The results illustrated that the reported value was volatile when used on reflective surfaces like the aircraft’s skin and when the device and the artefact were not in a perpendicular direction. This behaviour justifies the erratic estimations recorded during the hangar experiments targeting a reflective surface at various angles.
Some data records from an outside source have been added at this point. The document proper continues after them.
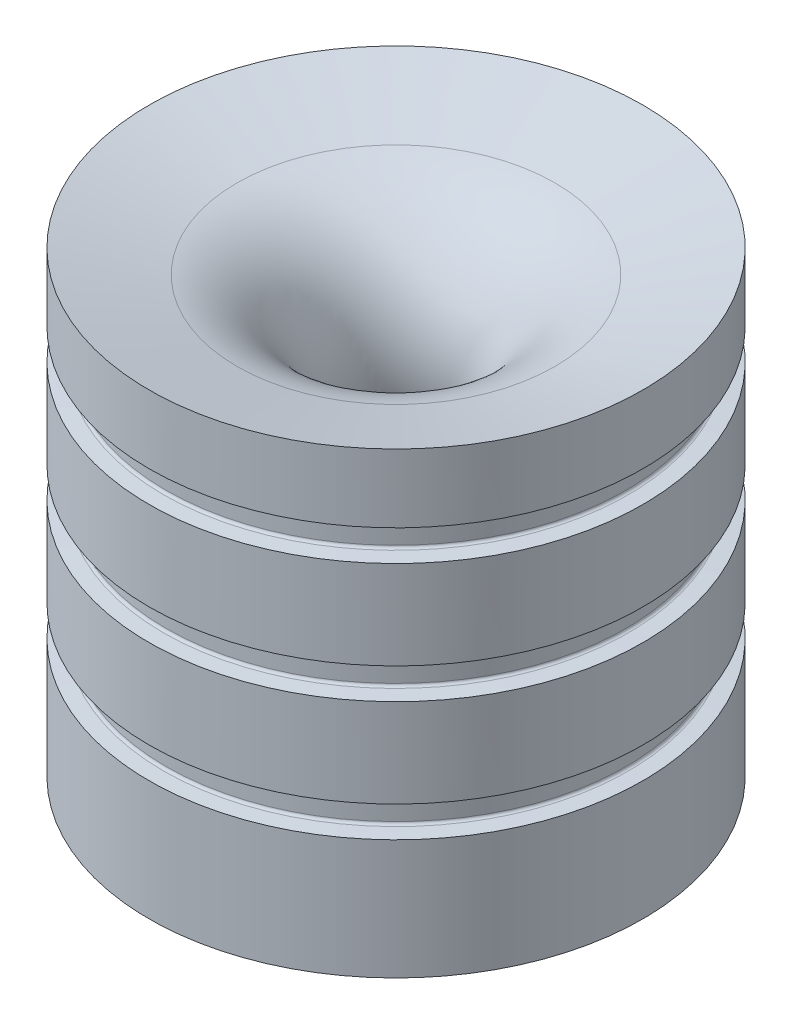
ISO-10303-21;
HEADER;
FILE_DESCRIPTION(('STEP AP214'),'2;1');
FILE_NAME('part.step','',(''),(''),'','','');
FILE_SCHEMA(('AUTOMOTIVE_DESIGN { 1 0 10303 214 1 1 1 1 }'));
ENDSEC;
DATA;
#1=APPLICATION_CONTEXT('core data for automotive mechanical design processes');
#2=APPLICATION_PROTOCOL_DEFINITION('international standard','automotive_design',2000,#1);
#3=PRODUCT_CONTEXT('',#1,'mechanical');
#4=PRODUCT('Part','Part','',(#3));
#5=PRODUCT_RELATED_PRODUCT_CATEGORY('part','',(#4));
#6=PRODUCT_DEFINITION_FORMATION('','',#4);
#7=PRODUCT_DEFINITION_CONTEXT('part definition',#1,'design');
#8=PRODUCT_DEFINITION('design','',#6,#7);
#9=PRODUCT_DEFINITION_SHAPE('','',#8);
#10=(LENGTH_UNIT() NAMED_UNIT(*) SI_UNIT(.MILLI.,.METRE.));
#11=(NAMED_UNIT(*) PLANE_ANGLE_UNIT() SI_UNIT($,.RADIAN.));
#12=(NAMED_UNIT(*) SI_UNIT($,.STERADIAN.) SOLID_ANGLE_UNIT());
#13=UNCERTAINTY_MEASURE_WITH_UNIT(LENGTH_MEASURE(1.E-05),#10,'distance_accuracy_value','');
#14=(GEOMETRIC_REPRESENTATION_CONTEXT(3) GLOBAL_UNCERTAINTY_ASSIGNED_CONTEXT((#13)) GLOBAL_UNIT_ASSIGNED_CONTEXT((#10,
#11,#12)) REPRESENTATION_CONTEXT('',''));
#15=CARTESIAN_POINT('',(0.,0.,0.));
#16=DIRECTION('',(0.,0.,1.));
#17=DIRECTION('',(1.,0.,0.));
#18=AXIS2_PLACEMENT_3D('',#15,#16,#17);
#19=CARTESIAN_POINT('',(0.,11.2038865741592,0.));
#20=DIRECTION('',(0.,-1.,0.));
#21=DIRECTION('',(0.,0.,-1.));
#22=AXIS2_PLACEMENT_3D('',#19,#20,#21);
#23=CYLINDRICAL_SURFACE('',#22,41.275);
#24=CARTESIAN_POINT('',(0.,60.0077777421875,0.));
#25=DIRECTION('',(0.,-1.,0.));
#26=DIRECTION('',(0.,0.,-1.));
#27=AXIS2_PLACEMENT_3D('',#24,#25,#26);
#28=CIRCLE('',#27,41.275);
#29=CARTESIAN_POINT('',(0.,60.0077777421875,-41.275));
#30=VERTEX_POINT('',#29);
#31=EDGE_CURVE('E54',#30,#30,#28,.F.);
#32=ORIENTED_EDGE('',*,*,#31,.F.);
#33=EDGE_LOOP('',(#32));
#34=FACE_BOUND('',#33,.T.);
#35=CARTESIAN_POINT('',(0.,45.1799101451754,0.));
#36=DIRECTION('',(0.,1.,0.));
#37=DIRECTION('',(0.,0.,1.));
#38=AXIS2_PLACEMENT_3D('',#35,#36,#37);
#39=CIRCLE('',#38,41.275);
#40=CARTESIAN_POINT('',(0.,45.1799101451754,41.275));
#41=VERTEX_POINT('',#40);
#42=EDGE_CURVE('E112',#41,#41,#39,.F.);
#43=ORIENTED_EDGE('',*,*,#42,.F.);
#44=EDGE_LOOP('',(#43));
#45=FACE_BOUND('',#44,.T.);
#46=ADVANCED_FACE('F50',(#34,#45),#23,.T.);
#47=CARTESIAN_POINT('',(0.,40.0077777421875,0.));
#48=DIRECTION('',(0.,-1.,0.));
#49=DIRECTION('',(0.,0.,-1.));
#50=AXIS2_PLACEMENT_3D('',#47,#48,#49);
#51=CIRCLE('',#50,41.275);
#52=CARTESIAN_POINT('',(0.,40.0077777421875,-41.275));
#53=VERTEX_POINT('',#52);
#54=EDGE_CURVE('E563',#53,#53,#51,.F.);
#55=ORIENTED_EDGE('',*,*,#54,.F.);
#56=EDGE_LOOP('',(#55));
#57=FACE_BOUND('',#56,.T.);
#58=CARTESIAN_POINT('',(0.,25.1799101451754,0.));
#59=DIRECTION('',(0.,1.,0.));
#60=DIRECTION('',(0.,0.,1.));
#61=AXIS2_PLACEMENT_3D('',#58,#59,#60);
#62=CIRCLE('',#61,41.275);
#63=CARTESIAN_POINT('',(0.,25.1799101451754,41.275));
#64=VERTEX_POINT('',#63);
#65=EDGE_CURVE('E69',#64,#64,#62,.F.);
#66=ORIENTED_EDGE('',*,*,#65,.F.);
#67=EDGE_LOOP('',(#66));
#68=FACE_BOUND('',#67,.T.);
#69=ADVANCED_FACE('F469',(#57,#68),#23,.T.);
#70=CARTESIAN_POINT('',(0.,20.0077777421875,0.));
#71=DIRECTION('',(0.,-1.,0.));
#72=DIRECTION('',(0.,0.,-1.));
#73=AXIS2_PLACEMENT_3D('',#70,#71,#72);
#74=CIRCLE('',#73,41.275);
#75=CARTESIAN_POINT('',(0.,20.0077777421875,-41.275));
#76=VERTEX_POINT('',#75);
#77=EDGE_CURVE('E82',#76,#76,#74,.F.);
#78=ORIENTED_EDGE('',*,*,#77,.F.);
#79=EDGE_LOOP('',(#78));
#80=FACE_BOUND('',#79,.T.);
#81=CARTESIAN_POINT('',(0.,0.,0.));
#82=DIRECTION('',(0.,-1.,0.));
#83=DIRECTION('',(0.,0.,-1.));
#84=AXIS2_PLACEMENT_3D('',#81,#82,#83);
#85=CIRCLE('',#84,41.275);
#86=CARTESIAN_POINT('',(0.,0.,-41.275));
#87=VERTEX_POINT('',#86);
#88=EDGE_CURVE('E58',#87,#87,#85,.T.);
#89=ORIENTED_EDGE('',*,*,#88,.F.);
#90=EDGE_LOOP('',(#89));
#91=FACE_BOUND('',#90,.T.);
#92=ADVANCED_FACE('F475',(#80,#91),#23,.T.);
#93=CARTESIAN_POINT('',(0.,76.5907976172275,0.));
#94=DIRECTION('',(0.,1.,0.));
#95=DIRECTION('',(0.,0.,1.));
#96=AXIS2_PLACEMENT_3D('',#93,#94,#95);
#97=CONICAL_SURFACE('',#96,41.275,1.30899693899575);
#98=CARTESIAN_POINT('',(0.,72.6535470946851,0.));
#99=DIRECTION('',(0.,-1.,0.));
#100=DIRECTION('',(0.,0.,-1.));
#101=AXIS2_PLACEMENT_3D('',#98,#99,#100);
#102=CIRCLE('',#101,26.5809810077446);
#103=CARTESIAN_POINT('',(0.,72.6535470946851,-26.5809810077446));
#104=VERTEX_POINT('',#103);
#105=EDGE_CURVE('E76',#104,#104,#102,.T.);
#106=ORIENTED_EDGE('',*,*,#105,.T.);
#107=EDGE_LOOP('',(#106));
#108=FACE_BOUND('',#107,.T.);
#109=CARTESIAN_POINT('',(0.,76.5907976172275,0.));
#110=DIRECTION('',(0.,-1.,0.));
#111=DIRECTION('',(0.,0.,-1.));
#112=AXIS2_PLACEMENT_3D('',#109,#110,#111);
#113=CIRCLE('',#112,41.275);
#114=CARTESIAN_POINT('',(0.,76.5907976172275,-41.275));
#115=VERTEX_POINT('',#114);
#116=EDGE_CURVE('E12',#115,#115,#113,.T.);
#117=ORIENTED_EDGE('',*,*,#116,.F.);
#118=EDGE_LOOP('',(#117));
#119=FACE_BOUND('',#118,.T.);
#120=ADVANCED_FACE('F52',(#108,#119),#97,.F.);
#121=CARTESIAN_POINT('',(0.,65.1799101451754,0.));
#122=DIRECTION('',(0.,1.,0.));
#123=DIRECTION('',(0.,0.,1.));
#124=AXIS2_PLACEMENT_3D('',#121,#122,#123);
#125=CIRCLE('',#124,41.275);
#126=CARTESIAN_POINT('',(0.,65.1799101451754,41.275));
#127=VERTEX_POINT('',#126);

3.2.3. Limitations and Possible Improvements in Size Estimation

The size estimation procedure proved effective in the lab experiments but exhibited instability in the hangar. The following list sheds light on the factors affecting the proposed approach, and by addressing them, the reliability of the solution will be enhanced.
  • In some cases, the contour approximation used in the sizing estimation fails to identify dents that are not clearly visible in the photo. If there is a visible colour change that creates an edge, it gives promising results.
  • The suggested area of interest (bounding box), which comes from the defect detector, sometimes crops out part of the dent, directly affecting the size estimation. The defect detector works in a stringent IOU (0.9), which is advantageous for the sizing algorithm. The introduction of oriented rounded boxes could further improve the situation.
  • There is no solid reference to compare. Trained maintenance engineers perform dent sizing, but the research team lacks this expertise. The manual measurement was not industry-accepted at this stage and introduced uncertainty as it cannot be considered a solid ground truth.
  • The distance in the experiments was measured by a laser distance measurer, which, most of the time, did not work because of the reflection on the aircraft’s skin, so instead, a tape measure was used. This procedure is far from perfect. However, in the actual scenario, the UAV has a lidar and flies in a predefined path, maintaining a fixed distance from the aircraft. In addition, since the lidar emits beams on the surface (32 to 128, depending on the model). In this case, an area average can be used, rather than only one measurement utilised in the current experiment.
  • If the photo capture is not perpendicular to the defect, perspective distortion may affect the size estimation.
  • Lens distortion or image sensor characteristics introduce errors that need to be validated in the representative environment with the camera onboard the UAV.

4. Conclusions

The aviation industry is highly regulated, focusing on ensuring aircraft airworthiness and minimising the possibility of undetected defects. The first line of defence in maintenance is detailed inspection, with visual inspection accounting for nearly 80% of all inspections. The industry progresses towards MRO 4.0, which adopts machine learning, IoT sensors, and data analytics technologies, showing an increasing interest in using robotics and AI-based methods for defect detection. The research focused on detecting the location of defects on aircraft skin and estimating their size. The performance of various pre-trained CNN-based models was evaluated, focusing on the most challenging type of defect, dents. The best-performing model achieved 71% precision, with an area under the ROC curve of 0.69. In addition, the suggested size estimation approach was tested in the lab to prove the feasibility of the concept and then in the hangar. In the real-world environment, many factors were identified that influenced the estimation and made the estimation unreliable. Addressing these limitations following the suggested improvements will improve the overall estimation reliability.

Author Contributions

Conceptualization, N.P.A. and A.P.; methodology, all Authors; software, K.B. and A.P.; validation, K.B., G.Y. and A.P.; resources, all Authors; data curation, K.B. and A.P.; writing—original draft preparation, A.P. and K.B.; writing—review and editing, N.P.A. and A.P.; visualization, K.B. and A.P.; supervision, N.P.A. and A.P.; project administration, N.P.A. and A.P.; funding acquisition, N.P.A. All authors have read and agreed to the published version of the manuscript.

Funding

This research was supported and funded by the British Engineering and Physics Sciences Research Council (EPSRC IAA project) and Boeing Company.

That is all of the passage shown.